### TASK DIRECTIONS
The lines to reproduce from the material below are those from the one containing "- moved D4 190.1" through the one containing "- net /IN4: track 0.00 -> 38.0 mm", both included; write them out exactly and add nothing.

### INFORMATION SUPPLIED
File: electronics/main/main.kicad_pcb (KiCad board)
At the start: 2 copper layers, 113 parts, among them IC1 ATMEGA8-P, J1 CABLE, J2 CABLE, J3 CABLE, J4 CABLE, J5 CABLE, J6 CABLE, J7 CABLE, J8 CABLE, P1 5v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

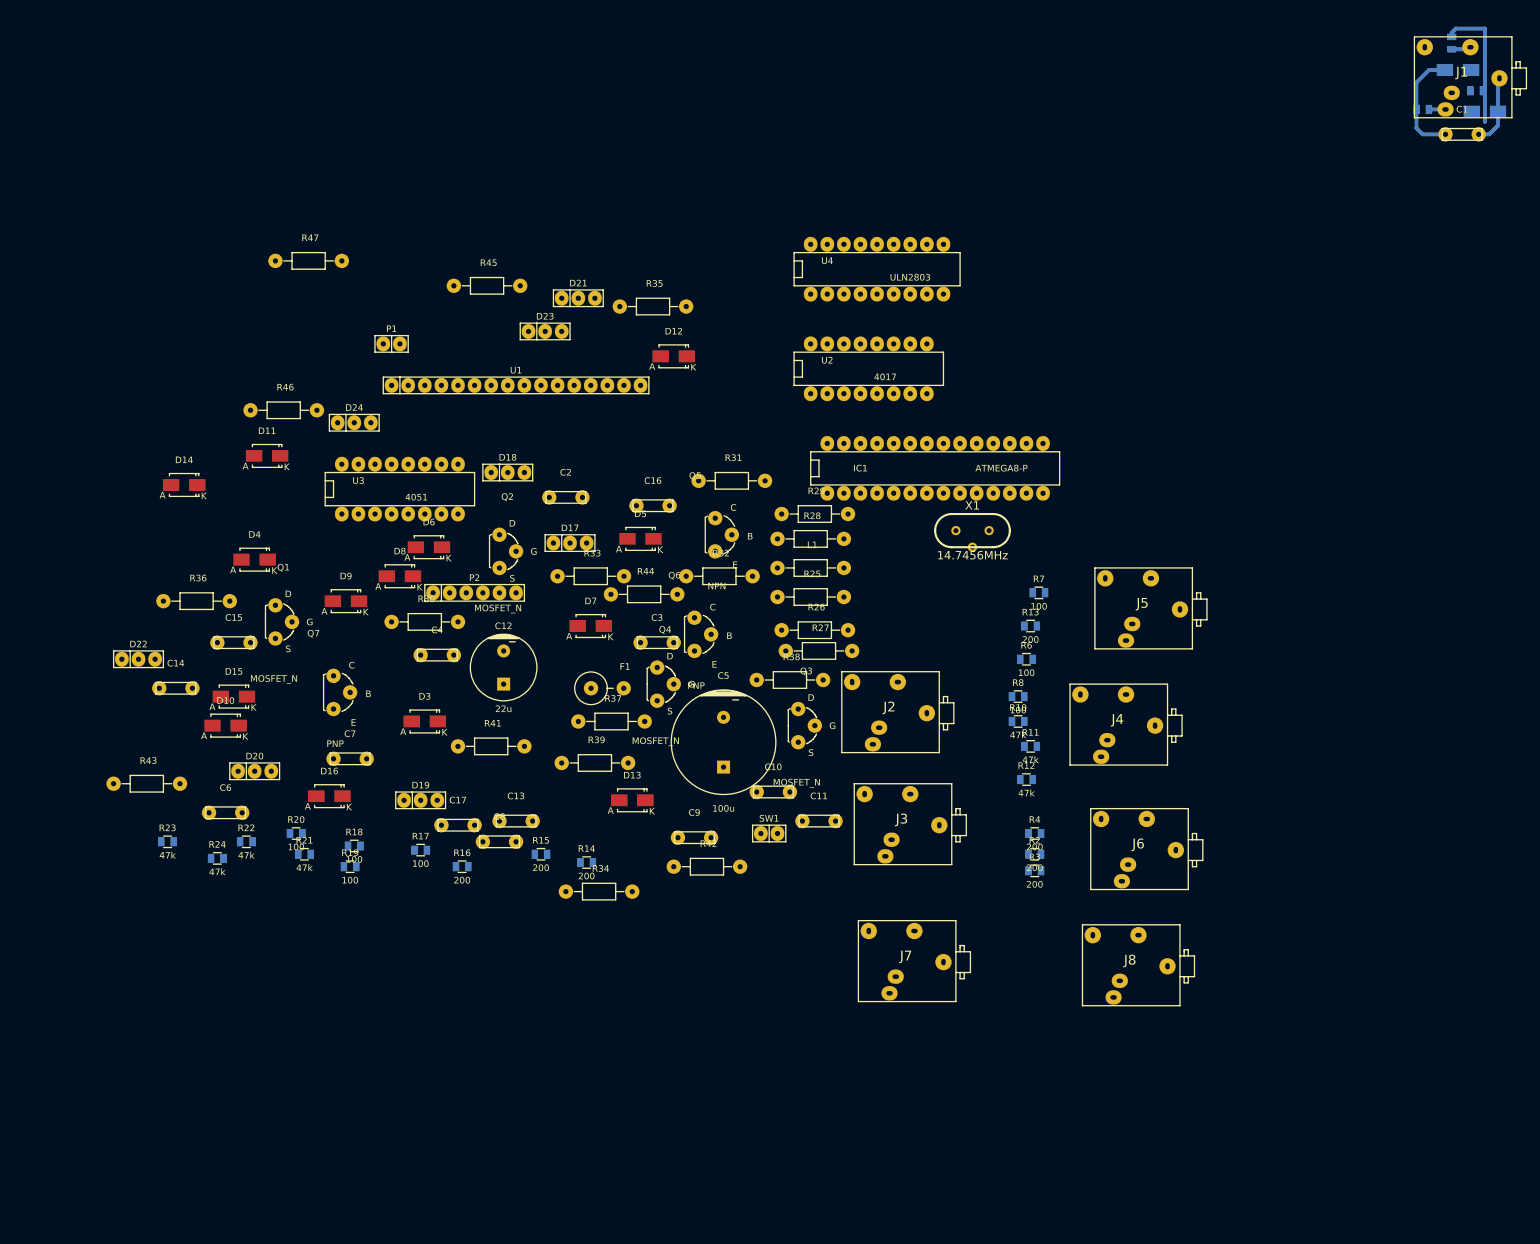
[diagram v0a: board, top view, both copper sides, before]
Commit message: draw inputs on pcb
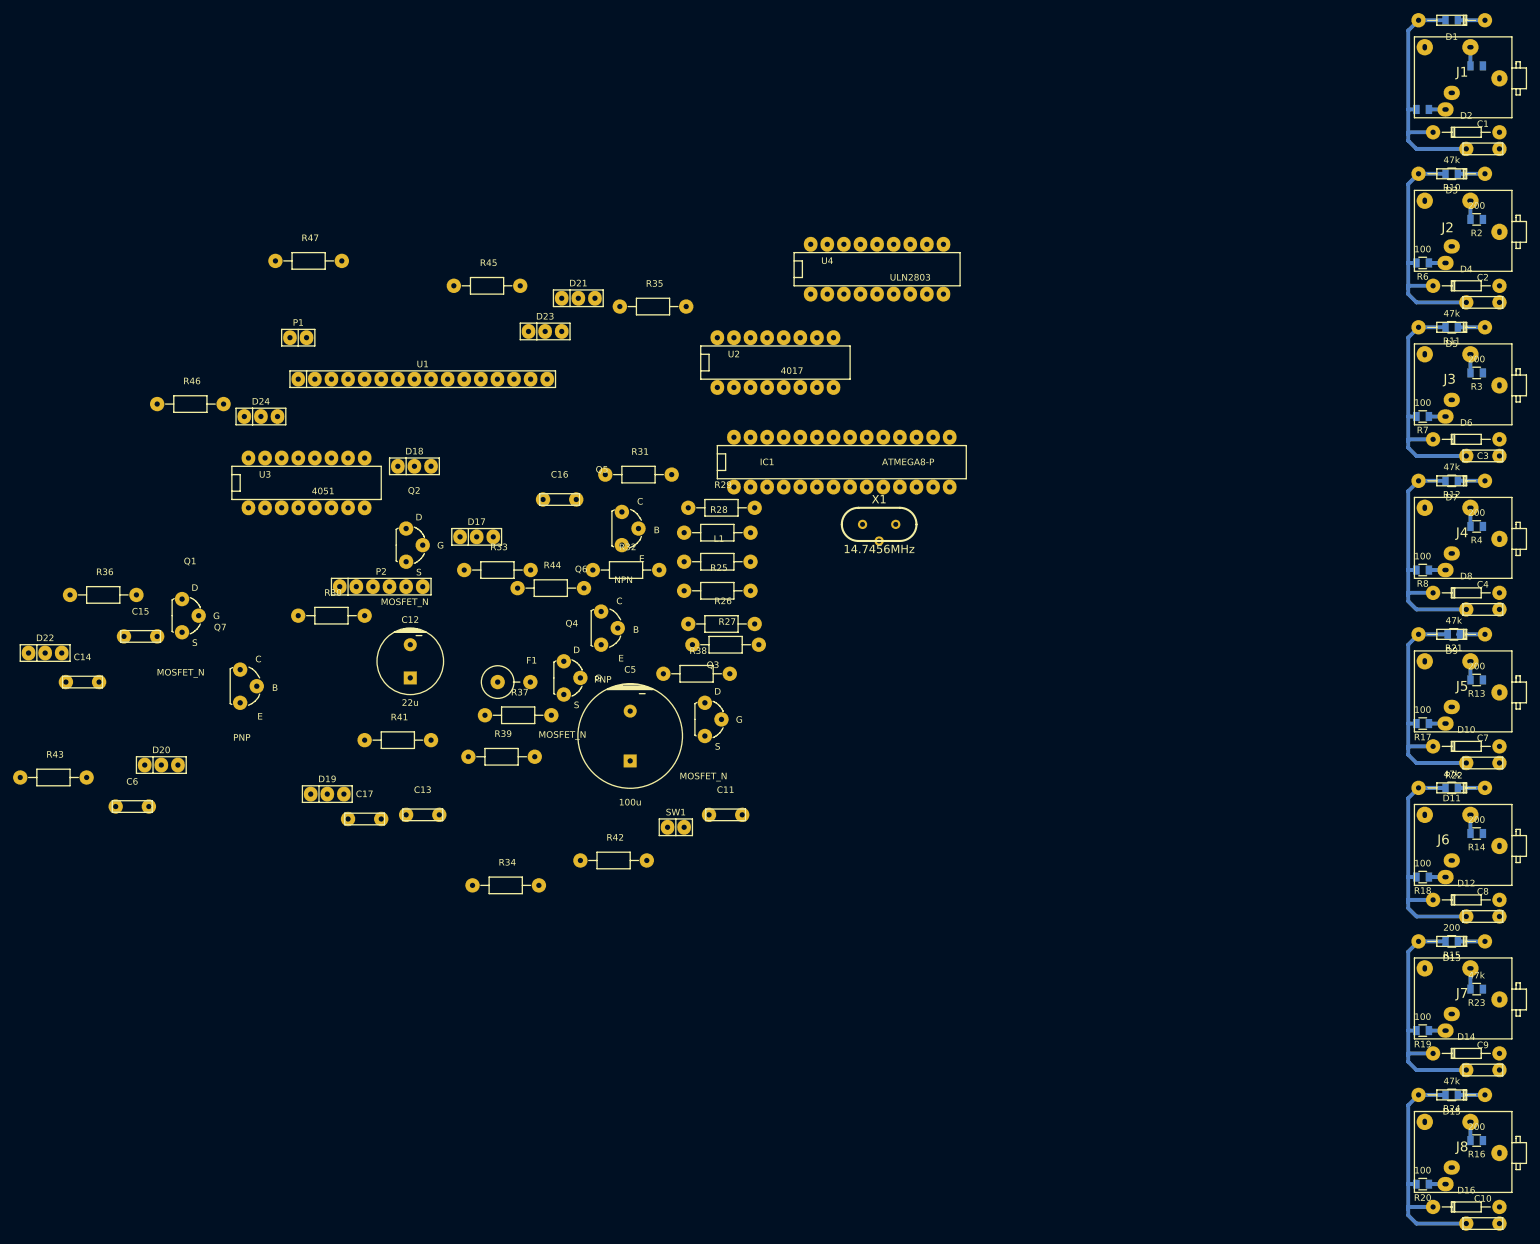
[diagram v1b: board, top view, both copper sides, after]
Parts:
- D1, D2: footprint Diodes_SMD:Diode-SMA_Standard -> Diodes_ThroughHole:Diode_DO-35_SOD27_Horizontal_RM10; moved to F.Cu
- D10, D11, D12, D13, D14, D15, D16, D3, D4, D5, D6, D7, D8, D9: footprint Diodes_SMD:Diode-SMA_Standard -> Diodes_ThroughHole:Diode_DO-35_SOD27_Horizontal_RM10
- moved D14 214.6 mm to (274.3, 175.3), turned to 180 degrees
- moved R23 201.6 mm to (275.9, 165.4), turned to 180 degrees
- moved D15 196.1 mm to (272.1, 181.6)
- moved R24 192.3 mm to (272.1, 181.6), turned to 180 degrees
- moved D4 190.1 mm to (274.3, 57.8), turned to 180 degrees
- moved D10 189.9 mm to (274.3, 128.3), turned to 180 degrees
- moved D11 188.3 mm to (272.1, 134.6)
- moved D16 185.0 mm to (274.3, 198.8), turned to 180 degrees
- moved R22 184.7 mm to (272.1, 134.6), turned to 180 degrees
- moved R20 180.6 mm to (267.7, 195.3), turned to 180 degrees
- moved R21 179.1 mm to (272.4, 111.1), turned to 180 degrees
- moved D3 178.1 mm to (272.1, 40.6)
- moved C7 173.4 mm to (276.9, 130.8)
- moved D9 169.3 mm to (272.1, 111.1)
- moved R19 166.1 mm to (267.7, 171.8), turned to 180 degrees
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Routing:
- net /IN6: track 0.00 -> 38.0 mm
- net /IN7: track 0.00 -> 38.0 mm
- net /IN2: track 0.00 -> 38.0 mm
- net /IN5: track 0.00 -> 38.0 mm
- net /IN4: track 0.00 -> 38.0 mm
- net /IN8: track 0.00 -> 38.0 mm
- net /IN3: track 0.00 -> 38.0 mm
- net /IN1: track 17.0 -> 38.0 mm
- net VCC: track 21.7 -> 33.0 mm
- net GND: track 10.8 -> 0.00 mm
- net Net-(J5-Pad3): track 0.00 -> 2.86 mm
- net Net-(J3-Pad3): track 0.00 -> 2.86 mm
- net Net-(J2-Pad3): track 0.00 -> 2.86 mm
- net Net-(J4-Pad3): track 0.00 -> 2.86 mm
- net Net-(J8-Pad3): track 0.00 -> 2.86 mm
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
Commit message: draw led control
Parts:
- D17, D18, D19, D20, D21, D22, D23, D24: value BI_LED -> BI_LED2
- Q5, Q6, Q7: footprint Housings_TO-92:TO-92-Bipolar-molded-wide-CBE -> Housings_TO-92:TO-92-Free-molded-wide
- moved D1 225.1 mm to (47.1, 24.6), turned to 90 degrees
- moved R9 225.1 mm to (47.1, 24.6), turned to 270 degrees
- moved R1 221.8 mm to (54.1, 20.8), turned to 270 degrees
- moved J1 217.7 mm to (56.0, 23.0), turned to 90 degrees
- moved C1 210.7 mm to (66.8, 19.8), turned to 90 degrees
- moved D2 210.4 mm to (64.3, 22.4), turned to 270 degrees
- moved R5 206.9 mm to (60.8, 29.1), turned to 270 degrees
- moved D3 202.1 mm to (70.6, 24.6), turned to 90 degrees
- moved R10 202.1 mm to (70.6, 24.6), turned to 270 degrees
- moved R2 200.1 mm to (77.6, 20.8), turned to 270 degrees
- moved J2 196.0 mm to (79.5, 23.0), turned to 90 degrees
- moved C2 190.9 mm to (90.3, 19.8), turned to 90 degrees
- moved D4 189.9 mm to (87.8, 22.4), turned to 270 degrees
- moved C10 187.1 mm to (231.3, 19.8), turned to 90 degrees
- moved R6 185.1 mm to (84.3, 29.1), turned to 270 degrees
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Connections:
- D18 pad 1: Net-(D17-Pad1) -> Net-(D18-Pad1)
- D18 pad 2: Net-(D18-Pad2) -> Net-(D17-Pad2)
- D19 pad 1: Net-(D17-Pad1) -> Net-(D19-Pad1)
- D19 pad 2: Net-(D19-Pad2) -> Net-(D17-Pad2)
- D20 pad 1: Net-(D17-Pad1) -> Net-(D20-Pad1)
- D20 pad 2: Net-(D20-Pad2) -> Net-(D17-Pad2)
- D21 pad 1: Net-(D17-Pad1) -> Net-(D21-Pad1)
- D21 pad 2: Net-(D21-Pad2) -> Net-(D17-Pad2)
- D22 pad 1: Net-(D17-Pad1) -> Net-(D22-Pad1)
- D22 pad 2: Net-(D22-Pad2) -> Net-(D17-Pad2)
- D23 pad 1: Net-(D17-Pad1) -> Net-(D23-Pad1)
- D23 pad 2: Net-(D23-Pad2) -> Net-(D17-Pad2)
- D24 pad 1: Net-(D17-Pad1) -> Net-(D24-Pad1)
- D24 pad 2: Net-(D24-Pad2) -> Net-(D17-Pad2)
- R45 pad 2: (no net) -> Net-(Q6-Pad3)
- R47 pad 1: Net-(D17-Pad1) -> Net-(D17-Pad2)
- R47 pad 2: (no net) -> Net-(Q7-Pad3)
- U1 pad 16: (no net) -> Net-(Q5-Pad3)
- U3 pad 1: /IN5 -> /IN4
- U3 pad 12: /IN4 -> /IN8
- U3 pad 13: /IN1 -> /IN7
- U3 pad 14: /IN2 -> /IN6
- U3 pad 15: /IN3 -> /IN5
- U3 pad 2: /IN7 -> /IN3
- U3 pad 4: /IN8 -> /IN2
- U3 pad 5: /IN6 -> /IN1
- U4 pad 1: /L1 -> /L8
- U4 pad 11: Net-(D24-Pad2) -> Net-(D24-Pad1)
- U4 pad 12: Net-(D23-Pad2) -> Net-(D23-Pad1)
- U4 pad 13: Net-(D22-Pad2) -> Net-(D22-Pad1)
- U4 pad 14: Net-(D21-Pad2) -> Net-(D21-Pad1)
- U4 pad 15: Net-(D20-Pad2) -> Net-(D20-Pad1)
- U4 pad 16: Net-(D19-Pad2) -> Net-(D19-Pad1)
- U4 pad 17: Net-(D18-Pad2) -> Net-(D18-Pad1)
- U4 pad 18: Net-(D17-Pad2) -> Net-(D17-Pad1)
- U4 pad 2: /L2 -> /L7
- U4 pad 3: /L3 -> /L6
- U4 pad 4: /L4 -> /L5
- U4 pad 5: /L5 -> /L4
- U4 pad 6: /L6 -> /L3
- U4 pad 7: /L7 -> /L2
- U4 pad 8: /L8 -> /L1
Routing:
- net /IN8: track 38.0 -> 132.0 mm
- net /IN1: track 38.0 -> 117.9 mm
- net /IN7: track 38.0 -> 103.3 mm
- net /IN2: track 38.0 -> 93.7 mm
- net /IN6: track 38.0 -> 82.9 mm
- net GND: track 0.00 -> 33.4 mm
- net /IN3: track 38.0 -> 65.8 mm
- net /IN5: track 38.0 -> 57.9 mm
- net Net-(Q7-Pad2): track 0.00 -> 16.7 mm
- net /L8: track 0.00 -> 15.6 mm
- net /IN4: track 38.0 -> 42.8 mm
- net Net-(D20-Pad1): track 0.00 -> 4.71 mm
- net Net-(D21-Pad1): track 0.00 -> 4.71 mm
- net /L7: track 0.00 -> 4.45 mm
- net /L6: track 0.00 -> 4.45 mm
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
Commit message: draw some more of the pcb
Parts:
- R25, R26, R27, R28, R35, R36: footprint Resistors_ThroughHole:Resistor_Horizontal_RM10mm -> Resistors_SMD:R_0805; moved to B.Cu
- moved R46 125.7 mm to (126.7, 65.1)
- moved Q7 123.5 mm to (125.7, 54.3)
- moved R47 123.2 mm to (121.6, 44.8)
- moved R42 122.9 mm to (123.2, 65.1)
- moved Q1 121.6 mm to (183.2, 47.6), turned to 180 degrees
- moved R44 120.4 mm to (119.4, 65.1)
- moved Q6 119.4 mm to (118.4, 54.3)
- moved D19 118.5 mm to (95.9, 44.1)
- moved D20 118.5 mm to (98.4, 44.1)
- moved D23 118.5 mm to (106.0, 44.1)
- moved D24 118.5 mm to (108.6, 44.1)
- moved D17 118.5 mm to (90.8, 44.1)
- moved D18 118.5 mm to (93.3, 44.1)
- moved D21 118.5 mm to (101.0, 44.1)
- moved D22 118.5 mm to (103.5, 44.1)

### RESPONSE FOR THIS EXERCISE
- moved D4 190.1 mm to (274.3, 57.8), turned to 180 degrees
- moved D10 189.9 mm to (274.3, 128.3), turned to 180 degrees
- moved D11 188.3 mm to (272.1, 134.6)
- moved D16 185.0 mm to (274.3, 198.8), turned to 180 degrees
- moved R22 184.7 mm to (272.1, 134.6), turned to 180 degrees
- moved R20 180.6 mm to (267.7, 195.3), turned to 180 degrees
- moved R21 179.1 mm to (272.4, 111.1), turned to 180 degrees
- moved D3 178.1 mm to (272.1, 40.6)
- moved C7 173.4 mm to (276.9, 130.8)
- moved D9 169.3 mm to (272.1, 111.1)
- moved R19 166.1 mm to (267.7, 171.8), turned to 180 degrees
Routing:
- net /IN6: track 0.00 -> 38.0 mm
- net /IN7: track 0.00 -> 38.0 mm
- net /IN2: track 0.00 -> 38.0 mm
- net /IN5: track 0.00 -> 38.0 mm
- net /IN4: track 0.00 -> 38.0 mm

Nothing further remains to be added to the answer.